Я чуть не упала в обморок, но собралась с силами и спросила имя невесты моего сына. Он мне назвал фамилию Алферовой и, видя, что со мной делается дурно, не мог понять, почему его слова так на меня подействовали.
— Ради бога, стакан воды! — сказала я.
Он побежал за водой, и, когда я пришла немного в себя, я ему сказала, что мое свидание с государыней касалось письма, полученного мною от герцога Зудерманландского, и что я впервые от него узнаю о свадьбе сына, которая, очевидно, очень неудачна, если он не спросил у меня даже разрешения на нее. Бедный Ребиндер был в отчаянии, что сообщил мне столь неприятную новость, но я попросила его не говорить больше об этом и развлечь меня другим разговором, дабы я могла собраться с силами и исполнить приказание, столь милостиво отданное государыней, провести вечер с ней. Но это усилие над собой чуть не стало для меня роковым. Все заметили, что я была взволнована, и, пожалуй, заключили бы из этого, что я состою в преступной переписке с врагами государства, если бы императрица несколько раз не заговаривала со мной очень ласково; заметив, что я была печальна и так задумчива, что не слышала ничего, что делалось на сцене, она старалась развлечь меня веселыми и смешными разговорами, которые она одна умела придумывать в одну минуту.

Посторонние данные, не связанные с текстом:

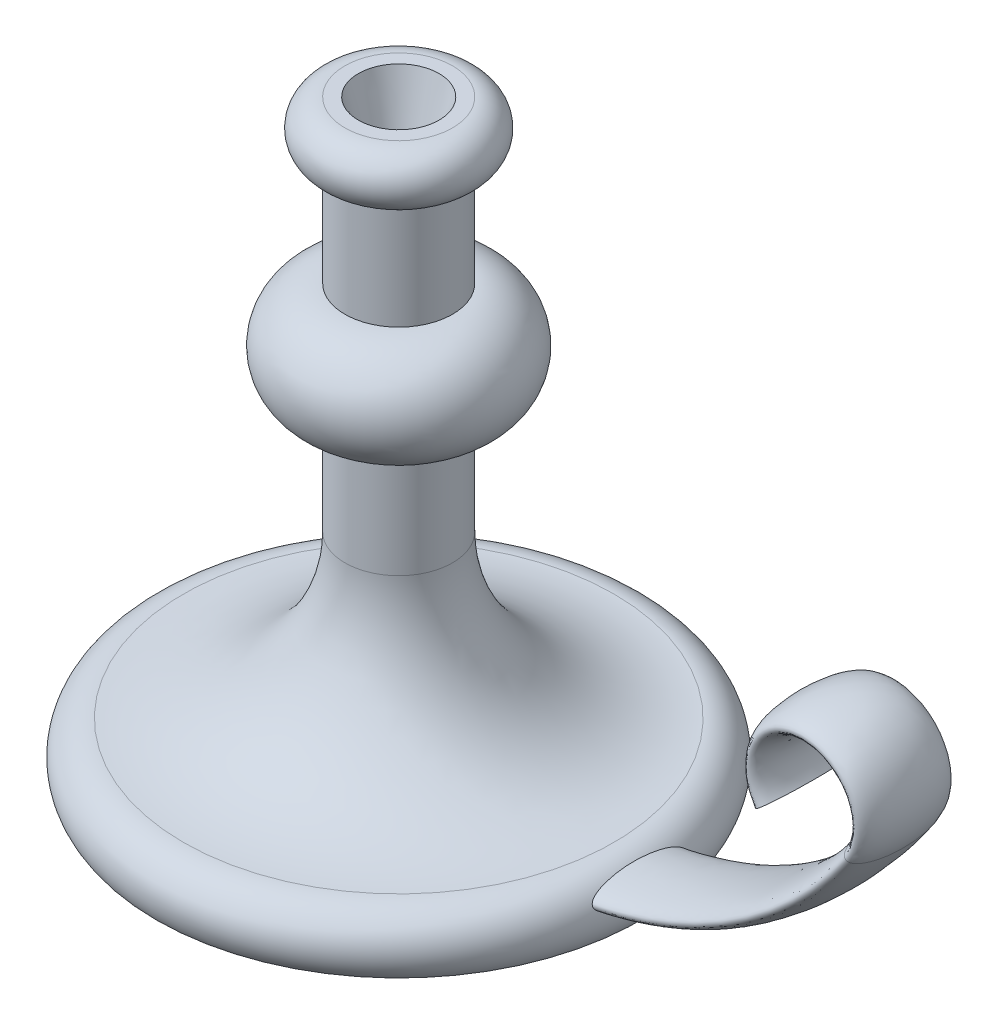
ISO-10303-21;
HEADER;
FILE_DESCRIPTION(('STEP AP214'),'2;1');
FILE_NAME('part.step','',(''),(''),'','','');
FILE_SCHEMA(('AUTOMOTIVE_DESIGN { 1 0 10303 214 1 1 1 1 }'));
ENDSEC;
DATA;
#1=APPLICATION_CONTEXT('core data for automotive mechanical design processes');
#2=APPLICATION_PROTOCOL_DEFINITION('international standard','automotive_design',2000,#1);
#3=PRODUCT_CONTEXT('',#1,'mechanical');
#4=PRODUCT('Part','Part','',(#3));
#5=PRODUCT_RELATED_PRODUCT_CATEGORY('part','',(#4));
#6=PRODUCT_DEFINITION_FORMATION('','',#4);
#7=PRODUCT_DEFINITION_CONTEXT('part definition',#1,'design');
#8=PRODUCT_DEFINITION('design','',#6,#7);
#9=PRODUCT_DEFINITION_SHAPE('','',#8);
#10=(LENGTH_UNIT() NAMED_UNIT(*) SI_UNIT(.MILLI.,.METRE.));
#11=(NAMED_UNIT(*) PLANE_ANGLE_UNIT() SI_UNIT($,.RADIAN.));
#12=(NAMED_UNIT(*) SI_UNIT($,.STERADIAN.) SOLID_ANGLE_UNIT());
#13=UNCERTAINTY_MEASURE_WITH_UNIT(LENGTH_MEASURE(1.E-05),#10,'distance_accuracy_value','');
#14=(GEOMETRIC_REPRESENTATION_CONTEXT(3) GLOBAL_UNCERTAINTY_ASSIGNED_CONTEXT((#13)) GLOBAL_UNIT_ASSIGNED_CONTEXT((#10,
#11,#12)) REPRESENTATION_CONTEXT('',''));
#15=CARTESIAN_POINT('',(0.,0.,0.));
#16=DIRECTION('',(0.,0.,1.));
#17=DIRECTION('',(1.,0.,0.));
#18=AXIS2_PLACEMENT_3D('',#15,#16,#17);
#19=CARTESIAN_POINT('',(0.,0.,0.));
#20=DIRECTION('',(0.,-1.,0.));
#21=DIRECTION('',(0.,0.,-1.));
#22=AXIS2_PLACEMENT_3D('',#19,#20,#21);
#23=PLANE('',#22);
#24=CARTESIAN_POINT('',(0.,0.,0.));
#25=DIRECTION('',(0.,-1.,0.));
#26=DIRECTION('',(0.,0.,-1.));
#27=AXIS2_PLACEMENT_3D('',#24,#25,#26);
#28=CIRCLE('',#27,90.);
#29=CARTESIAN_POINT('',(0.,0.,-90.));
#30=VERTEX_POINT('',#29);
#31=EDGE_CURVE('E76',#30,#30,#28,.T.);
#32=ORIENTED_EDGE('',*,*,#31,.T.);
#33=EDGE_LOOP('',(#32));
#34=FACE_BOUND('',#33,.T.);
#35=ADVANCED_FACE('F36',(#34),#23,.T.);
#36=CARTESIAN_POINT('',(20.,220.,0.));
#37=DIRECTION('',(0.,1.,0.));
#38=DIRECTION('',(0.,0.,1.));
#39=AXIS2_PLACEMENT_3D('',#36,#37,#38);
#40=PLANE('',#39);
#41=CARTESIAN_POINT('',(0.,220.,0.));
#42=DIRECTION('',(0.,1.,0.));
#43=DIRECTION('',(0.,0.,1.));
#44=AXIS2_PLACEMENT_3D('',#41,#42,#43);
#45=CIRCLE('',#44,15.);
#46=CARTESIAN_POINT('',(0.,220.,15.));
#47=VERTEX_POINT('',#46);
#48=EDGE_CURVE('E92',#47,#47,#45,.T.);
#49=ORIENTED_EDGE('',*,*,#48,.F.);
#50=EDGE_LOOP('',(#49));
#51=FACE_BOUND('',#50,.T.);
#52=CARTESIAN_POINT('',(0.,220.,0.));
#53=DIRECTION('',(0.,-1.,0.));
#54=DIRECTION('',(0.,0.,-1.));
#55=AXIS2_PLACEMENT_3D('',#52,#53,#54);
#56=CIRCLE('',#55,20.);
#57=CARTESIAN_POINT('',(0.,220.,-20.));
#58=VERTEX_POINT('',#57);
#59=EDGE_CURVE('E48',#58,#58,#56,.T.);
#60=ORIENTED_EDGE('',*,*,#59,.F.);
#61=EDGE_LOOP('',(#60));
#62=FACE_BOUND('',#61,.T.);
#63=ADVANCED_FACE('F99',(#51,#62),#40,.T.);
#64=CARTESIAN_POINT('',(0.,210.,0.));
#65=DIRECTION('',(0.,-1.,0.));
#66=DIRECTION('',(0.,0.,-1.));
#67=AXIS2_PLACEMENT_3D('',#64,#65,#66);
#68=TOROIDAL_SURFACE('',#67,20.,10.);
#69=ORIENTED_EDGE('',*,*,#59,.T.);
#70=EDGE_LOOP('',(#69));
#71=FACE_BOUND('',#70,.T.);
#72=CARTESIAN_POINT('',(0.,200.,0.));
#73=DIRECTION('',(0.,-1.,0.));
#74=DIRECTION('',(0.,0.,-1.));
#75=AXIS2_PLACEMENT_3D('',#72,#73,#74);
#76=CIRCLE('',#75,20.);
#77=CARTESIAN_POINT('',(0.,200.,-20.));
#78=VERTEX_POINT('',#77);
#79=EDGE_CURVE('E53',#78,#78,#76,.T.);
#80=ORIENTED_EDGE('',*,*,#79,.F.);
#81=EDGE_LOOP('',(#80));
#82=FACE_BOUND('',#81,.T.);
#83=ADVANCED_FACE('F102',(#71,#82),#68,.T.);
#84=CARTESIAN_POINT('',(0.,0.,0.));
#85=DIRECTION('',(0.,-1.,0.));
#86=DIRECTION('',(0.,0.,-1.));
#87=AXIS2_PLACEMENT_3D('',#84,#85,#86);
#88=CYLINDRICAL_SURFACE('',#87,20.);
#89=ORIENTED_EDGE('',*,*,#79,.T.);
#90=EDGE_LOOP('',(#89));
#91=FACE_BOUND('',#90,.T.);
#92=CARTESIAN_POINT('',(0.,160.,0.));
#93=DIRECTION('',(0.,-1.,0.));
#94=DIRECTION('',(0.,0.,-1.));
#95=AXIS2_PLACEMENT_3D('',#92,#93,#94);
#96=CIRCLE('',#95,20.);
#97=CARTESIAN_POINT('',(0.,160.,-20.));
#98=VERTEX_POINT('',#97);
#99=EDGE_CURVE('E58',#98,#98,#96,.T.);
#100=ORIENTED_EDGE('',*,*,#99,.F.);
#101=EDGE_LOOP('',(#100));
#102=FACE_BOUND('',#101,.T.);
#103=ADVANCED_FACE('F108',(#91,#102),#88,.T.);
#104=CARTESIAN_POINT('',(0.,140.,0.));
#105=DIRECTION('',(0.,-1.,0.));
#106=DIRECTION('',(0.,0.,-1.));
#107=AXIS2_PLACEMENT_3D('',#104,#105,#106);
#108=TOROIDAL_SURFACE('',#107,20.,20.);
#109=ORIENTED_EDGE('',*,*,#99,.T.);
#110=EDGE_LOOP('',(#109));
#111=FACE_BOUND('',#110,.T.);
#112=CARTESIAN_POINT('',(0.,120.,0.));
#113=DIRECTION('',(0.,-1.,0.));
#114=DIRECTION('',(0.,0.,-1.));
#115=AXIS2_PLACEMENT_3D('',#112,#113,#114);
#116=CIRCLE('',#115,20.);
#117=CARTESIAN_POINT('',(0.,120.,-20.));
#118=VERTEX_POINT('',#117);
#119=EDGE_CURVE('E64',#118,#118,#116,.T.);
#120=ORIENTED_EDGE('',*,*,#119,.F.);
#121=EDGE_LOOP('',(#120));
#122=FACE_BOUND('',#121,.T.);
#123=ADVANCED_FACE('F115',(#111,#122),#108,.T.);
#124=CARTESIAN_POINT('',(0.,0.,0.));
#125=DIRECTION('',(0.,-1.,0.));
#126=DIRECTION('',(0.,0.,-1.));
#127=AXIS2_PLACEMENT_3D('',#124,#125,#126);
#128=CYLINDRICAL_SURFACE('',#127,20.);
#129=ORIENTED_EDGE('',*,*,#119,.T.);
#130=EDGE_LOOP('',(#129));
#131=FACE_BOUND('',#130,.T.);
#132=CARTESIAN_POINT('',(0.,80.,0.));
#133=DIRECTION('',(0.,-1.,0.));
#134=DIRECTION('',(0.,0.,-1.));
#135=AXIS2_PLACEMENT_3D('',#132,#133,#134);
#136=CIRCLE('',#135,20.);
#137=CARTESIAN_POINT('',(0.,80.,-20.));
#138=VERTEX_POINT('',#137);
#139=EDGE_CURVE('E68',#138,#138,#136,.T.);
#140=ORIENTED_EDGE('',*,*,#139,.F.);
#141=EDGE_LOOP('',(#140));
#142=FACE_BOUND('',#141,.T.);
#143=ADVANCED_FACE('F119',(#131,#142),#128,.T.);
#144=CARTESIAN_POINT('',(0.,80.,0.));
#145=DIRECTION('',(0.,-1.,0.));
#146=DIRECTION('',(0.,0.,-1.));
#147=AXIS2_PLACEMENT_3D('',#144,#145,#146);
#148=TOROIDAL_SURFACE('',#147,80.,60.);
#149=ORIENTED_EDGE('',*,*,#139,.T.);
#150=EDGE_LOOP('',(#149));
#151=FACE_BOUND('',#150,.T.);
#152=CARTESIAN_POINT('',(0.,20.,0.));
#153=DIRECTION('',(0.,-1.,0.));
#154=DIRECTION('',(0.,0.,-1.));
#155=AXIS2_PLACEMENT_3D('',#152,#153,#154);
#156=CIRCLE('',#155,80.);
#157=CARTESIAN_POINT('',(0.,20.,-80.));
#158=VERTEX_POINT('',#157);
#159=EDGE_CURVE('E72',#158,#158,#156,.T.);
#160=ORIENTED_EDGE('',*,*,#159,.F.);
#161=EDGE_LOOP('',(#160));
#162=FACE_BOUND('',#161,.T.);
#163=ADVANCED_FACE('F123',(#151,#162),#148,.F.);
#164=CARTESIAN_POINT('',(0.,7.50000000000001,0.));
#165=DIRECTION('',(0.,-1.,0.));
#166=DIRECTION('',(0.,0.,-1.));
#167=AXIS2_PLACEMENT_3D('',#164,#165,#166);
#168=TOROIDAL_SURFACE('',#167,80.,12.5);
#169=CARTESIAN_POINT('',(89.5597422043342,12.9414346567555,17.5));
#170=CARTESIAN_POINT('',(89.5807278946485,12.8988393157081,17.5000019534777));
#171=CARTESIAN_POINT('',(89.6018125795404,12.8563039357769,17.4977816975197));
#172=CARTESIAN_POINT('',(89.6440155813562,12.7716938339371,17.489002543543));
#173=CARTESIAN_POINT('',(89.6651339056646,12.7296192360718,17.4824425050804));
#174=CARTESIAN_POINT('',(89.7283289297819,12.6045076597417,17.4565216692095));
#175=CARTESIAN_POINT('',(89.7702246464786,12.5226255894255,17.4309204730636));
#176=CARTESIAN_POINT('',(89.8644276523312,12.3407735771966,17.3563532007827));
#177=CARTESIAN_POINT('',(89.916211748319,12.242484901666,17.3027527423027));
#178=CARTESIAN_POINT('',(90.01638786814,12.0551458272008,17.1788263211439));
#179=CARTESIAN_POINT('',(90.0647710548456,11.966119226993,17.1084587296402));
#180=CARTESIAN_POINT('',(90.1524531790238,11.8069845229249,16.9652391551481));
#181=CARTESIAN_POINT('',(90.1921458014335,11.7358878994478,16.8936963434585));
#182=CARTESIAN_POINT('',(90.2690886261224,11.5996259068224,16.7438969488311));
#183=CARTESIAN_POINT('',(90.3063367280021,11.5344656201532,16.665634722265));
#184=CARTESIAN_POINT('',(90.3786756485819,11.4092540815105,16.5039763875564));
#185=CARTESIAN_POINT('',(90.4137624747614,11.349212210629,16.4205713158719));
#186=CARTESIAN_POINT('',(90.4819450166471,11.2336894025401,16.2499454917114));
#187=CARTESIAN_POINT('',(90.5150413047902,11.1782071523834,16.162725848809));
#188=CARTESIAN_POINT('',(90.5839705930101,11.0637251825689,15.9728919395736));
#189=CARTESIAN_POINT('',(90.6195406839563,11.0053156128849,15.8698282905888));
#190=CARTESIAN_POINT('',(90.6886668526269,10.8929143897208,15.6606649910658));
#191=CARTESIAN_POINT('',(90.7222226971282,10.8389232475745,15.5545649910506));
#192=CARTESIAN_POINT('',(90.787486486134,10.7348751403119,15.3401290691865));
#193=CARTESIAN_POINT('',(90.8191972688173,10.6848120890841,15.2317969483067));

После спектакля я не пошла к императрице, как то делали ее приближенные, а поехала домой. У меня сделалась нервная лихорадка, и в течение нескольких дней мое горе было столь велико, что я могла только плакать. Я сравнивала поступок сына с поведением моего мужа относительно своей матери, когда он собирался на мне жениться; я думала, что всевозможные жертвы, принесенные мною детям, и непрестанные заботы о воспитании сына, всецело поглотившие меня в течение стольких лет, давали мне право на доверие и почтение с его стороны. Я предполагала, что заслужила больше моей свекрови дружбу и уважение своих детей и что мой сын посоветуется со мной, предпринимая столь важный для нашего общего счастья шаг, как женитьба. Два месяца спустя я получила письмо, в котором он просил у меня разрешения жениться на этой особе, тогда как весь Петербург уже знал о его нелепой свадьбе[210] и обсуждал ее на всех перекрестках. Я уже собрала сведения о всей семье его жены и чуть с ума не сошла от горя, получив это письмо, как бы в насмешку испрашивающее у меня разрешение на уже совершившийся факт. Одновременно с его письмом я получила и послание от фельдмаршала графа Румянцева, в котором он говорил мне о предрассудках, касающихся знатности рода, о непрочности богатства и как будто преподавал мне советы. Словом, его письмо было смешно, если не сказать больше, тем более что я никогда не давала ему ни повода, ни права становиться между мной и сыном в столь важном вопросе. Я ответила ему в насмешливом тоне, скрытом под самой изысканной вежливостью, уверяя его, что в числе безумных идей, внедренных, может быть, в моей голове, никогда не существовало слишком высокого и преувеличенного мнения о знатности рождения и что, не обладая красноречием его сиятельства, не возьмусь объяснять ему, почему я предпочитаю всем подобным пустым предрассудкам хорошее воспитание и нераздельную с ним чистоту нравов и т. п.
Сыну своему я написала только несколько слов: «Когда ваш отец собирался жениться на графине Екатерине Воронцовой, он поехал в Москву испросить разрешения на то своей матери; я знаю, что вы уже женаты несколько времени; знаю также, что моя свекровь не более меня была достойна иметь друга в почтительном сыне».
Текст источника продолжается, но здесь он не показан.